►

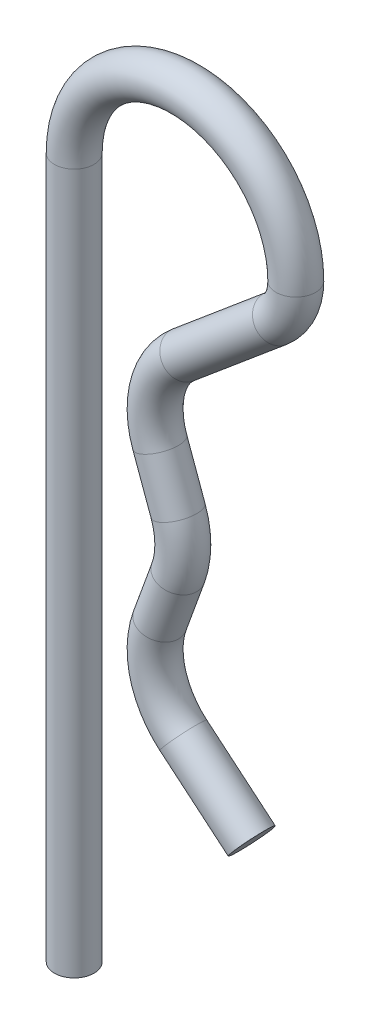
SolidWorks part; units mm, degrees
material "1.7014 (17CrS3)"
ref_plane "Płaszczyzna przednia" through (0, 0, 0) normal (0, 0, 1) x (1, 0, 0)
ref_plane "Płaszczyzna górna" through (0, 0, 0) normal (0, 1, 0) x (1, 0, 0)
ref_plane "Płaszczyzna prawa" through (0, 0, 0) normal (1, 0, 0) x (0, 0, -1)
ref_plane "Płaszczyzna1" through (0, -52.5, 0) normal (0, 1, 0) x (1, 0, 0)
sketch "Szkic1" plane through (0, -52.5, 0) normal (0, 1, 0) x (1, 0, 0)
  circle A0 centre (0, 0) radius 2.5
sketch "Szkic2" plane through (0, 0, 0) normal (0, 0, 1) x (1, 0, 0)
  line L0 (20.8215, -29.9759) -> (12.1857, -22.7296)
  line L1 (8.4744, -8.8788) -> (10.7723, -2.5652)
  line L2 (10.7723, 2.5652) -> (8.4744, 8.8788)
  line L3 (12.1857, 22.7296) -> (23.8925, 32.5528)
  line L4 (2.5, 36) -> (2.5, -52.5)
  arc A0 (8.4744, -8.8788) -> (12.1857, -22.7296) centre (20.2205, -13.154) ccw
  arc A1 (10.7723, -2.5652) -> (10.7723, 2.5652) centre (3.7246, 0) ccw
  arc A2 (8.4744, 8.8788) -> (12.1857, 22.7296) centre (20.2205, 13.154) cw
  arc A3 (23.8925, 32.5528) -> (25.5, 36) centre (21, 36) ccw
  arc A4 (25.5, 36) -> (2.5, 36) centre (14, 36) ccw
sweep "Wyciągnięcie po ścieżce1" add profiles "Szkic1" path "Szkic2"
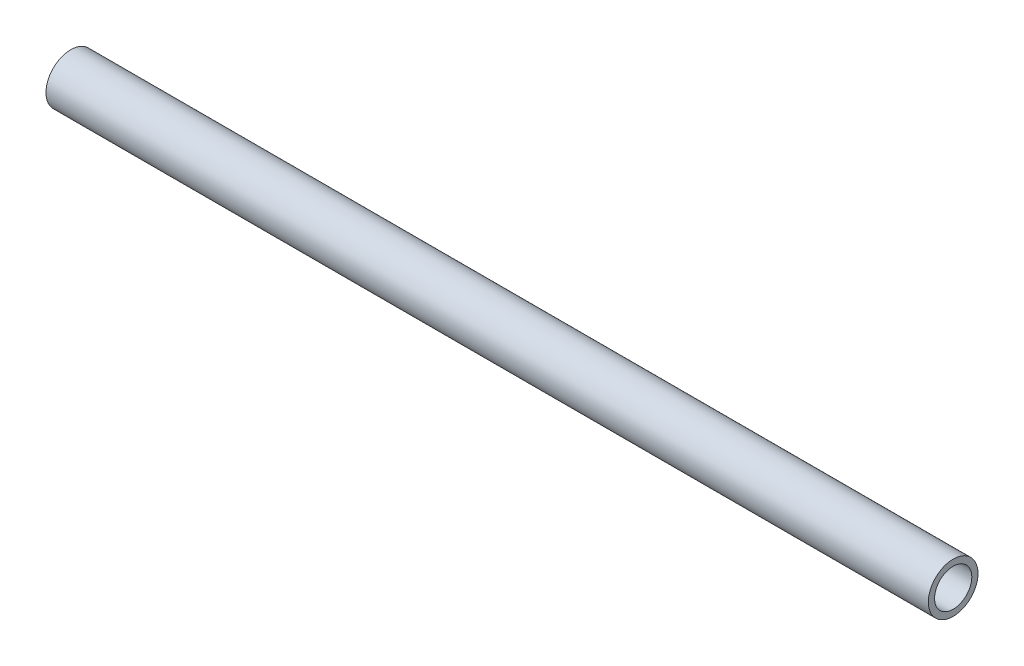
SolidWorks part; units mm, degrees
ref_plane "Front Plane" through (0, 0, 0) normal (0, 0, 1) x (1, 0, 0)
ref_plane "Top Plane" through (0, 0, 0) normal (0, 1, 0) x (1, 0, 0)
ref_plane "Right Plane" through (0, 0, 0) normal (1, 0, 0) x (0, 0, -1)
sketch "Sketch2" plane through (0, 0, 0) normal (1, 0, 0) x (0, 0, -1)
  circle A0 centre (0, 0) radius 0.5
  circle A1 centre (0, 0) radius 0.375
  dimension "D1" = 1
  dimension "D2" = 0.75
extrude "Boss-Extrude1" add sketch "Sketch2" along normal blind 17.77
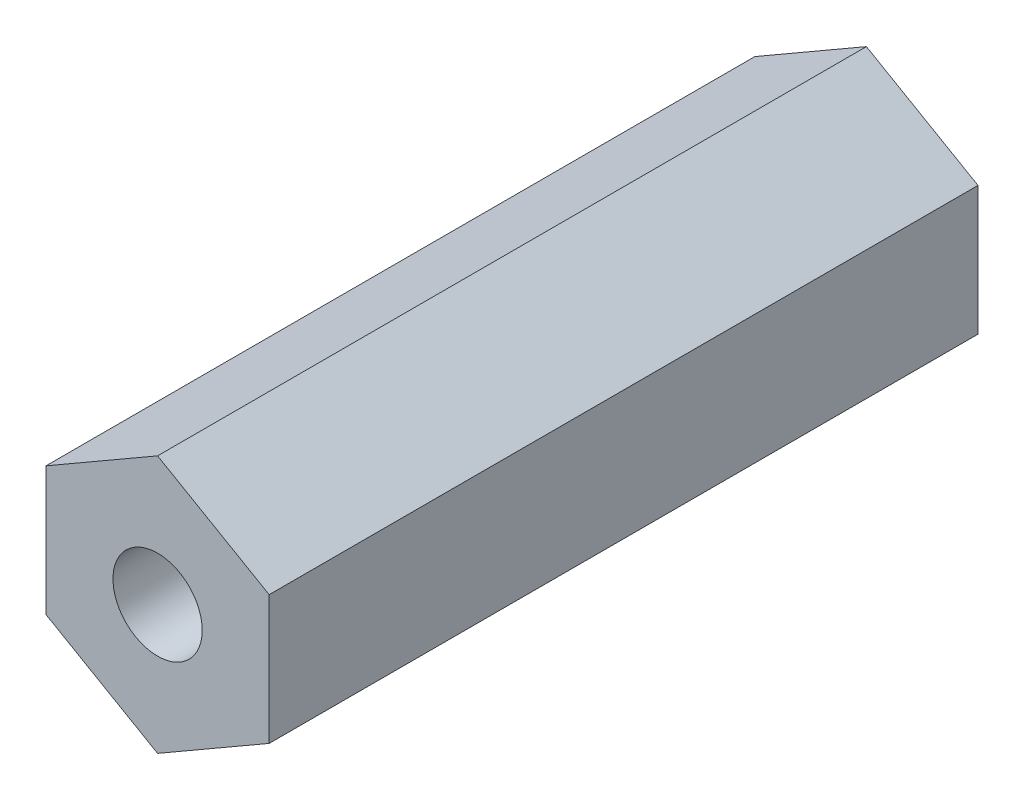
SolidWorks part; units mm, degrees
ref_plane "Front Plane" through (0, 0, 0) normal (0, 0, 1) x (1, 0, 0)
ref_plane "Top Plane" through (0, 0, 0) normal (0, 1, 0) x (1, 0, 0)
ref_plane "Right Plane" through (0, 0, 0) normal (1, 0, 0) x (0, 0, -1)
sketch "Sketch1" plane through (0, 0, 0) normal (0, 0, 1) x (1, 0, 0)
  line L1 (6.35, 3.6662) -> (0, 7.3323)
  line L2 (0, 7.3323) -> (-6.35, 3.6662)
  line L3 (-6.35, 3.6662) -> (-6.35, -3.6662)
  line L4 (-6.35, -3.6662) -> (0, -7.3323)
  line L5 (0, -7.3323) -> (6.35, -3.6662)
  line L6 (6.35, -3.6662) -> (6.35, 3.6662)
  circle A0 centre (0, 0) radius 6.35 construction
  dimension "D1" = 12.7
extrude "Boss-Extrude1" add sketch "Sketch1" along normal mid plane 40.34 contours L2 L3 L4 L5 L6 L1
sketch "Sketch2" plane through (0, 0, 20.17) normal (0, 0, 1) x (1, 0, 0)
  circle A0 centre (0, 0) radius 2.54
  dimension "D1" = 5.08
extrude "Cut-Extrude1" cut sketch "Sketch2" against normal through all
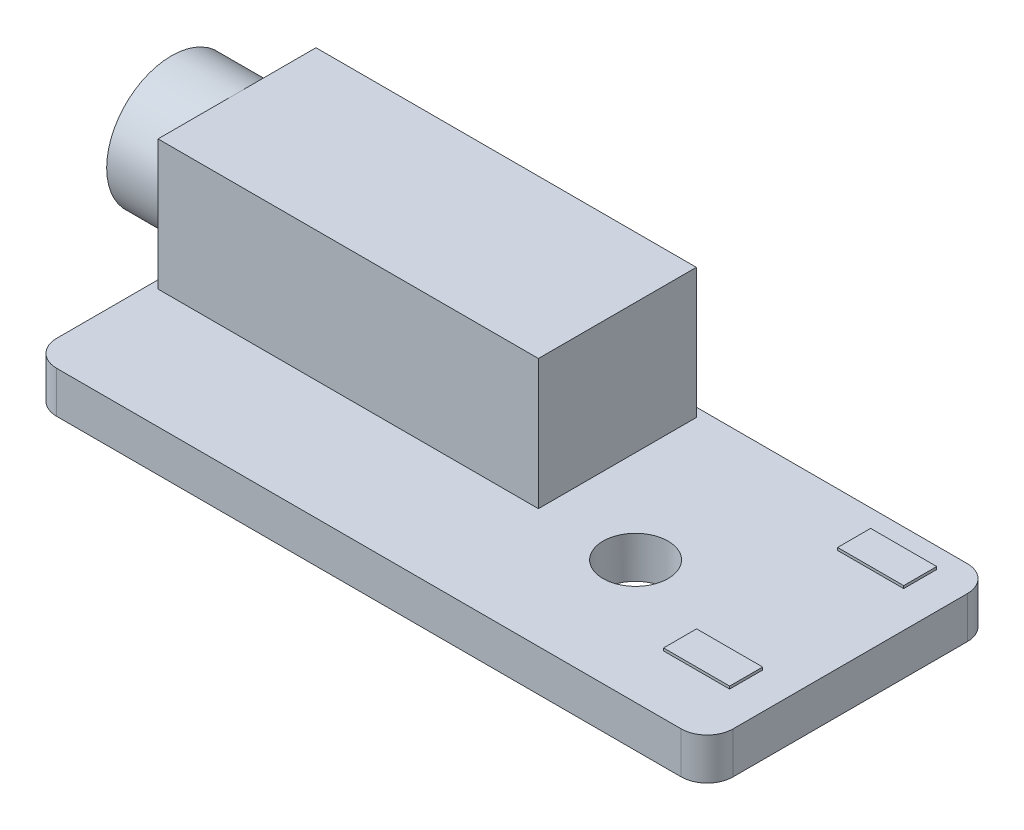
SolidWorks part; units mm, degrees
ref_plane "Front Plane" through (0, 0, 0) normal (0, 0, 1) x (1, 0, 0)
ref_plane "Top Plane" through (0, 0, 0) normal (0, 1, 0) x (1, 0, 0)
ref_plane "Right Plane" through (0, 0, 0) normal (1, 0, 0) x (0, 0, -1)
sketch "Sketch1" plane through (0, 0, 0) normal (0, 1, 0) x (1, 0, 0)
  line L1 (12, 5.5) -> (-12, 5.5)
  line L2 (13, 4.5) -> (13, -4.5)
  line L3 (12, -5.5) -> (-12, -5.5)
  line L4 (-13, 4.5) -> (-13, -4.5)
  line L5 (13, 5.5) -> (-13, -5.5) construction
  line L6 (13, -5.5) -> (-13, 5.5) construction
  arc A0 (12, 5.5) -> (13, 4.5) centre (12, 4.5) cw
  arc A1 (13, -4.5) -> (12, -5.5) centre (12, -4.5) cw
  arc A2 (-12, -5.5) -> (-13, -4.5) centre (-12, -4.5) cw
  arc A3 (-12, 5.5) -> (-13, 4.5) centre (-12, 4.5) ccw
  point P0 (0, 0)
  dimension "D3" = 1
  dimension "D1" = 26
  dimension "D2" = 11
extrude "Boss-Extrude1" add sketch "Sketch1" along normal blind 1.6
sketch "Sketch2" plane through (0, 1.6, 0) normal (0, 1, 0) x (1, 0, 0)
  line L0 (-13, -4.5) -> (-13, -5.5) construction
  line L1 (9.07, 4.715) -> (11.61, 4.715)
  line L2 (9.07, 4.715) -> (9.07, 3.445)
  line L3 (9.07, 3.445) -> (11.61, 3.445)
  line L4 (11.61, 4.715) -> (11.61, 3.445)
  line L5 (9.07, 4.715) -> (11.61, 3.445) construction
  line L6 (9.07, 3.445) -> (11.61, 4.715) construction
  line L7 (9.07, -1.975) -> (11.61, -1.975)
  line L8 (9.07, -1.975) -> (9.07, -3.245)
  line L9 (9.07, -3.245) -> (11.61, -3.245)
  line L10 (11.61, -1.975) -> (11.61, -3.245)
  line L11 (9.07, -1.975) -> (11.61, -3.245) construction
  line L12 (9.07, -3.245) -> (11.61, -1.975) construction
  line L13 (-13, -5.5) -> (-12, -5.5) construction
  line L14 (-12, -5.5) -> (12, -5.5) construction
  point P0 (10.34, 4.08)
  point P5 (10.34, -2.61)
  dimension "D1" = 2.54
  dimension "D2" = 1.27
  dimension "D3" = 23.34
  dimension "D4" = 2.89
  dimension "D5" = 9.58
extrude "Boss-Extrude2" add sketch "Sketch2" along normal blind 0.1
sketch "Sketch3" plane through (0, 1.6, 0) normal (0, 1, 0) x (1, 0, 0)
  line L0 (-13, 4.5) -> (-13, -4.5) construction
  line L1 (-12.69, 5.155) -> (1.93, 5.155)
  line L2 (-12.69, 5.155) -> (-12.69, -0.915)
  line L3 (-12.69, -0.915) -> (1.93, -0.915)
  line L4 (1.93, 5.155) -> (1.93, -0.915)
  line L5 (-12.69, 5.155) -> (1.93, -0.915) construction
  line L6 (-12.69, -0.915) -> (1.93, 5.155) construction
  line L7 (-12, -5.5) -> (12, -5.5) construction
  point P0 (-5.38, 2.12)
  dimension "D1" = 14.62
  dimension "D2" = 6.07
  dimension "D3" = 7.62
  dimension "D4" = 7.62
extrude "Boss-Extrude3" add sketch "Sketch3" along normal blind 5
sketch "Sketch4" plane through (-12.69, 0, 0) normal (-1, 0, 0) x (0, 0, 1)
  line L0 (-5.155, 4.1) -> (0.915, 4.1) construction
  line L1 (-5.155, 6.6) -> (-5.155, 1.6) construction
  line L2 (0.915, 6.6) -> (0.915, 1.6) construction
  circle A0 centre (-2.12, 4.1) radius 2.49
  circle A1 centre (-2.12, 4.1) radius 1.795
  dimension "D1" = 3.59
  dimension "D2" = 4.98
extrude "Boss-Extrude5" add sketch "Sketch4" along normal blind 2.52
sketch "Sketch5" plane through (0, 1.6, 0) normal (0, 1, 0) x (1, 0, 0)
  line L0 (-13, 4.5) -> (-13, -4.5) construction
  line L1 (-12, -5.5) -> (12, -5.5) construction
  circle A0 centre (5.5, -0.75) radius 1.25
  dimension "D1" = 2.5
  dimension "D2" = 18.5
  dimension "D3" = 4.75
extrude "Cut-Extrude1" cut sketch "Sketch5" against normal through all both and the other way through all

◄

◆ Task requirements
Return every line of the data above in which "point" appears.

◆ Result for this task
  point P0 (0, 0)
  point P0 (10.34, 4.08)
  point P5 (10.34, -2.61)
  point P0 (-5.38, 2.12)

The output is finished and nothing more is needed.